Yes, it does seem like an airline cuts flights, routes or employees every day. That's because they do. And probably should. The latest comes from American Airlines, which said earlier it would do some deep slashing. Now they've detailed their plans, and they include ending all service to not one, not two, but three state capitals. They're Harrisburg (Pennsylvania) at the right, Providence (Rhode Island), and Albany (New York). And it doesn't stop there.

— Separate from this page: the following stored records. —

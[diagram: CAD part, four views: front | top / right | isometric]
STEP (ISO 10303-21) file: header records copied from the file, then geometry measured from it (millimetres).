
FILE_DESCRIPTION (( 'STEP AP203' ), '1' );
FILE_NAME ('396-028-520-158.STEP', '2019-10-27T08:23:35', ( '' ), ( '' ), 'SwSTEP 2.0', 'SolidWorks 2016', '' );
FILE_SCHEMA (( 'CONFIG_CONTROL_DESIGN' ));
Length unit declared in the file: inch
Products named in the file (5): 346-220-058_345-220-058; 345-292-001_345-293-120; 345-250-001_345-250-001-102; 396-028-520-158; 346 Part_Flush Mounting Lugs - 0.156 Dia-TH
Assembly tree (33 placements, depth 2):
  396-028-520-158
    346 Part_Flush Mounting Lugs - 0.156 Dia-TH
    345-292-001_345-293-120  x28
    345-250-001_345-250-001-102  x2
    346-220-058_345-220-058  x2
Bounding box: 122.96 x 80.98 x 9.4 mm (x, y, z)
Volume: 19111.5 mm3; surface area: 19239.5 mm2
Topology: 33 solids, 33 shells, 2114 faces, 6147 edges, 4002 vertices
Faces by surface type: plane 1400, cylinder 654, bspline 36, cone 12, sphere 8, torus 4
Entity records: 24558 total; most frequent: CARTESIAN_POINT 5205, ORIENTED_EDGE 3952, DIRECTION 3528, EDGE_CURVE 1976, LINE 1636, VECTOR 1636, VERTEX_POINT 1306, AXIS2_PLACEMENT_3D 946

American and its Eagle unit are cutting out pretty much all O'Hare service to the Gulf Coast, that Katrina-ravaged region where Eagle had just begun building up in the last year.
This includes ending O'Hare flights at Mobile and Birmingham, Alabama; Pensacola and Fort Walton Beach, Florida; Gulfport/Biloxi and Jackson, Mississippi, and Baton Rouge, Louisiana. Most of these routes were Embraer ERJ145 routes, and there's just no way to make money spreading the cost of oil on 750-800 mile flights over those 44 seats.
Also drying up: St. Louis, where American inherited a hub when it bought TWA in 2001, and where it's been cutting ever since. The city that is home to Budweiser will have 116 daily flights as of November, down from 146 in early June, and down sharply from the days in which the airport's Lambert Field had international service to London and paris under TWA.